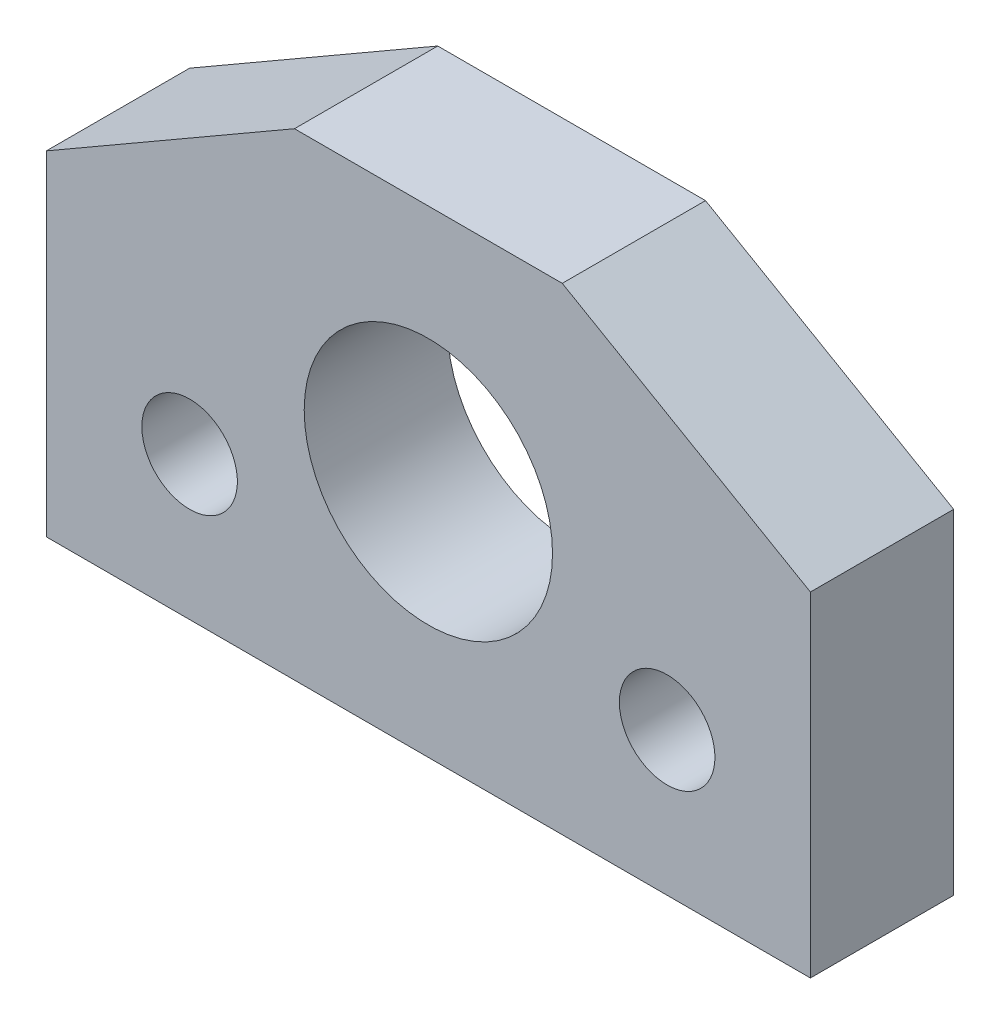
ISO-10303-21;
HEADER;
FILE_DESCRIPTION(('STEP AP214'),'2;1');
FILE_NAME('part.step','',(''),(''),'','','');
FILE_SCHEMA(('AUTOMOTIVE_DESIGN { 1 0 10303 214 1 1 1 1 }'));
ENDSEC;
DATA;
#1=APPLICATION_CONTEXT('core data for automotive mechanical design processes');
#2=APPLICATION_PROTOCOL_DEFINITION('international standard','automotive_design',2000,#1);
#3=PRODUCT_CONTEXT('',#1,'mechanical');
#4=PRODUCT('Part','Part','',(#3));
#5=PRODUCT_RELATED_PRODUCT_CATEGORY('part','',(#4));
#6=PRODUCT_DEFINITION_FORMATION('','',#4);
#7=PRODUCT_DEFINITION_CONTEXT('part definition',#1,'design');
#8=PRODUCT_DEFINITION('design','',#6,#7);
#9=PRODUCT_DEFINITION_SHAPE('','',#8);
#10=(LENGTH_UNIT() NAMED_UNIT(*) SI_UNIT(.MILLI.,.METRE.));
#11=(NAMED_UNIT(*) PLANE_ANGLE_UNIT() SI_UNIT($,.RADIAN.));
#12=(NAMED_UNIT(*) SI_UNIT($,.STERADIAN.) SOLID_ANGLE_UNIT());
#13=UNCERTAINTY_MEASURE_WITH_UNIT(LENGTH_MEASURE(1.E-05),#10,'distance_accuracy_value','');
#14=(GEOMETRIC_REPRESENTATION_CONTEXT(3) GLOBAL_UNCERTAINTY_ASSIGNED_CONTEXT((#13)) GLOBAL_UNIT_ASSIGNED_CONTEXT((#10,
#11,#12)) REPRESENTATION_CONTEXT('',''));
#15=CARTESIAN_POINT('',(0.,0.,0.));
#16=DIRECTION('',(0.,0.,1.));
#17=DIRECTION('',(1.,0.,0.));
#18=AXIS2_PLACEMENT_3D('',#15,#16,#17);
#19=CARTESIAN_POINT('',(0.,44.45,19.05));
#20=DIRECTION('',(1.,0.,0.));
#21=DIRECTION('',(0.,1.,0.));
#22=AXIS2_PLACEMENT_3D('',#19,#20,#21);
#23=PLANE('',#22);
#24=DIRECTION('',(0.,-1.,0.));
#25=VECTOR('',#24,1.);
#26=CARTESIAN_POINT('',(0.,44.45,0.));
#27=LINE('',#26,#25);
#28=CARTESIAN_POINT('',(0.,44.45,0.));
#29=VERTEX_POINT('',#28);
#30=CARTESIAN_POINT('',(0.,0.,0.));
#31=VERTEX_POINT('',#30);
#32=EDGE_CURVE('E133',#29,#31,#27,.T.);
#33=ORIENTED_EDGE('',*,*,#32,.T.);
#34=DIRECTION('',(0.,0.,-1.));
#35=VECTOR('',#34,1.);
#36=CARTESIAN_POINT('',(0.,0.,19.05));
#37=LINE('',#36,#35);
#38=CARTESIAN_POINT('',(0.,0.,19.05));
#39=VERTEX_POINT('',#38);
#40=EDGE_CURVE('E11',#39,#31,#37,.T.);
#41=ORIENTED_EDGE('',*,*,#40,.F.);
#42=DIRECTION('',(0.,-1.,0.));
#43=VECTOR('',#42,1.);
#44=CARTESIAN_POINT('',(0.,44.45,19.05));
#45=LINE('',#44,#43);
#46=CARTESIAN_POINT('',(0.,44.45,19.05));
#47=VERTEX_POINT('',#46);
#48=EDGE_CURVE('E149',#47,#39,#45,.T.);
#49=ORIENTED_EDGE('',*,*,#48,.F.);
#50=DIRECTION('',(0.,0.,-1.));
#51=VECTOR('',#50,1.);
#52=CARTESIAN_POINT('',(0.,44.45,19.05));
#53=LINE('',#52,#51);
#54=EDGE_CURVE('E129',#47,#29,#53,.T.);
#55=ORIENTED_EDGE('',*,*,#54,.T.);
#56=EDGE_LOOP('',(#33,#41,#49,#55));
#57=FACE_BOUND('',#56,.T.);
#58=ADVANCED_FACE('F41',(#57),#23,.F.);
#59=CARTESIAN_POINT('',(0.,0.,19.05));
#60=DIRECTION('',(0.,1.,0.));
#61=DIRECTION('',(0.,0.,1.));
#62=AXIS2_PLACEMENT_3D('',#59,#60,#61);
#63=PLANE('',#62);
#64=DIRECTION('',(1.,0.,0.));
#65=VECTOR('',#64,1.);
#66=CARTESIAN_POINT('',(0.,0.,0.));
#67=LINE('',#66,#65);
#68=CARTESIAN_POINT('',(101.6,0.,0.));
#69=VERTEX_POINT('',#68);
#70=EDGE_CURVE('E137',#31,#69,#67,.T.);
#71=ORIENTED_EDGE('',*,*,#70,.T.);
#72=DIRECTION('',(0.,0.,-1.));
#73=VECTOR('',#72,1.);
#74=CARTESIAN_POINT('',(101.6,0.,19.05));
#75=LINE('',#74,#73);
#76=CARTESIAN_POINT('',(101.6,0.,19.05));
#77=VERTEX_POINT('',#76);
#78=EDGE_CURVE('E51',#77,#69,#75,.T.);
#79=ORIENTED_EDGE('',*,*,#78,.F.);
#80=DIRECTION('',(1.,0.,0.));
#81=VECTOR('',#80,1.);
#82=CARTESIAN_POINT('',(0.,0.,19.05));
#83=LINE('',#82,#81);
#84=EDGE_CURVE('E97',#39,#77,#83,.T.);
#85=ORIENTED_EDGE('',*,*,#84,.F.);
#86=ORIENTED_EDGE('',*,*,#40,.T.);
#87=EDGE_LOOP('',(#71,#79,#85,#86));
#88=FACE_BOUND('',#87,.T.);
#89=ADVANCED_FACE('F200',(#88),#63,.F.);
#90=CARTESIAN_POINT('',(101.6,0.,19.05));
#91=DIRECTION('',(-1.,0.,0.));
#92=DIRECTION('',(0.,0.,1.));
#93=AXIS2_PLACEMENT_3D('',#90,#91,#92);
#94=PLANE('',#93);
#95=DIRECTION('',(0.,1.,0.));
#96=VECTOR('',#95,1.);
#97=CARTESIAN_POINT('',(101.6,0.,0.));
#98=LINE('',#97,#96);
#99=CARTESIAN_POINT('',(101.6,44.45,0.));
#100=VERTEX_POINT('',#99);
#101=EDGE_CURVE('E140',#69,#100,#98,.T.);
#102=ORIENTED_EDGE('',*,*,#101,.T.);
#103=DIRECTION('',(0.,0.,-1.));
#104=VECTOR('',#103,1.);
#105=CARTESIAN_POINT('',(101.6,44.45,19.05));
#106=LINE('',#105,#104);
#107=CARTESIAN_POINT('',(101.6,44.45,19.05));
#108=VERTEX_POINT('',#107);
#109=EDGE_CURVE('E121',#108,#100,#106,.T.);
#110=ORIENTED_EDGE('',*,*,#109,.F.);
#111=DIRECTION('',(0.,1.,0.));
#112=VECTOR('',#111,1.);
#113=CARTESIAN_POINT('',(101.6,0.,19.05));
#114=LINE('',#113,#112);
#115=EDGE_CURVE('E110',#77,#108,#114,.T.);
#116=ORIENTED_EDGE('',*,*,#115,.F.);
#117=ORIENTED_EDGE('',*,*,#78,.T.);
#118=EDGE_LOOP('',(#102,#110,#116,#117));
#119=FACE_BOUND('',#118,.T.);
#120=ADVANCED_FACE('F204',(#119),#94,.F.);
#121=CARTESIAN_POINT('',(101.6,44.45,19.05));
#122=DIRECTION('',(-0.5,-0.866025403784439,0.));
#123=DIRECTION('',(0.866025403784439,-0.5,0.));
#124=AXIS2_PLACEMENT_3D('',#121,#122,#123);
#125=PLANE('',#124);
#126=DIRECTION('',(-0.866025403784439,0.5,0.));
#127=VECTOR('',#126,1.);
#128=CARTESIAN_POINT('',(101.6,44.45,0.));
#129=LINE('',#128,#127);
#130=CARTESIAN_POINT('',(68.6044321158129,63.5,0.));
#131=VERTEX_POINT('',#130);
#132=EDGE_CURVE('E119',#100,#131,#129,.T.);
#133=ORIENTED_EDGE('',*,*,#132,.T.);
#134=DIRECTION('',(0.,0.,-1.));
#135=VECTOR('',#134,1.);
#136=CARTESIAN_POINT('',(68.6044321158129,63.5,19.05));
#137=LINE('',#136,#135);
#138=CARTESIAN_POINT('',(68.6044321158129,63.5,19.05));
#139=VERTEX_POINT('',#138);
#140=EDGE_CURVE('E116',#139,#131,#137,.T.);
#141=ORIENTED_EDGE('',*,*,#140,.F.);
#142=DIRECTION('',(-0.866025403784439,0.5,0.));
#143=VECTOR('',#142,1.);
#144=CARTESIAN_POINT('',(101.6,44.45,19.05));
#145=LINE('',#144,#143);
#146=EDGE_CURVE('E104',#108,#139,#145,.T.);
#147=ORIENTED_EDGE('',*,*,#146,.F.);
#148=ORIENTED_EDGE('',*,*,#109,.T.);
#149=EDGE_LOOP('',(#133,#141,#147,#148));
#150=FACE_BOUND('',#149,.T.);
#151=ADVANCED_FACE('F117',(#150),#125,.F.);
#152=CARTESIAN_POINT('',(68.6044321158129,63.5,19.05));
#153=DIRECTION('',(0.,-1.,0.));
#154=DIRECTION('',(1.,0.,0.));
#155=AXIS2_PLACEMENT_3D('',#152,#153,#154);
#156=PLANE('',#155);
#157=DIRECTION('',(-1.,0.,0.));
#158=VECTOR('',#157,1.);
#159=CARTESIAN_POINT('',(68.6044321158129,63.5,0.));
#160=LINE('',#159,#158);
#161=CARTESIAN_POINT('',(32.9955678841871,63.5,0.));
#162=VERTEX_POINT('',#161);
#163=EDGE_CURVE('E83',#131,#162,#160,.T.);
#164=ORIENTED_EDGE('',*,*,#163,.T.);
#165=DIRECTION('',(0.,0.,-1.));
#166=VECTOR('',#165,1.);
#167=CARTESIAN_POINT('',(32.9955678841871,63.5,19.05));
#168=LINE('',#167,#166);
#169=CARTESIAN_POINT('',(32.9955678841871,63.5,19.05));
#170=VERTEX_POINT('',#169);
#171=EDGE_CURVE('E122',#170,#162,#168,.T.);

..............................

Brief: Each line above from the one with "#129=LINE('',#128,#127);" up to and including the one with "#165=DIRECTION('',(0.,0.,-1.));" must be set down exactly, and no line outside that span may appear.

Completed task:
#129=LINE('',#128,#127);
#130=CARTESIAN_POINT('',(68.6044321158129,63.5,0.));
#131=VERTEX_POINT('',#130);
#132=EDGE_CURVE('E119',#100,#131,#129,.T.);
#133=ORIENTED_EDGE('',*,*,#132,.T.);
#134=DIRECTION('',(0.,0.,-1.));
#135=VECTOR('',#134,1.);
#136=CARTESIAN_POINT('',(68.6044321158129,63.5,19.05));
#137=LINE('',#136,#135);
#138=CARTESIAN_POINT('',(68.6044321158129,63.5,19.05));
#139=VERTEX_POINT('',#138);
#140=EDGE_CURVE('E116',#139,#131,#137,.T.);
#141=ORIENTED_EDGE('',*,*,#140,.F.);
#142=DIRECTION('',(-0.866025403784439,0.5,0.));
#143=VECTOR('',#142,1.);
#144=CARTESIAN_POINT('',(101.6,44.45,19.05));
#145=LINE('',#144,#143);
#146=EDGE_CURVE('E104',#108,#139,#145,.T.);
#147=ORIENTED_EDGE('',*,*,#146,.F.);
#148=ORIENTED_EDGE('',*,*,#109,.T.);
#149=EDGE_LOOP('',(#133,#141,#147,#148));
#150=FACE_BOUND('',#149,.T.);
#151=ADVANCED_FACE('F117',(#150),#125,.F.);
#152=CARTESIAN_POINT('',(68.6044321158129,63.5,19.05));
#153=DIRECTION('',(0.,-1.,0.));
#154=DIRECTION('',(1.,0.,0.));
#155=AXIS2_PLACEMENT_3D('',#152,#153,#154);
#156=PLANE('',#155);
#157=DIRECTION('',(-1.,0.,0.));
#158=VECTOR('',#157,1.);
#159=CARTESIAN_POINT('',(68.6044321158129,63.5,0.));
#160=LINE('',#159,#158);
#161=CARTESIAN_POINT('',(32.9955678841871,63.5,0.));
#162=VERTEX_POINT('',#161);
#163=EDGE_CURVE('E83',#131,#162,#160,.T.);
#164=ORIENTED_EDGE('',*,*,#163,.T.);
#165=DIRECTION('',(0.,0.,-1.));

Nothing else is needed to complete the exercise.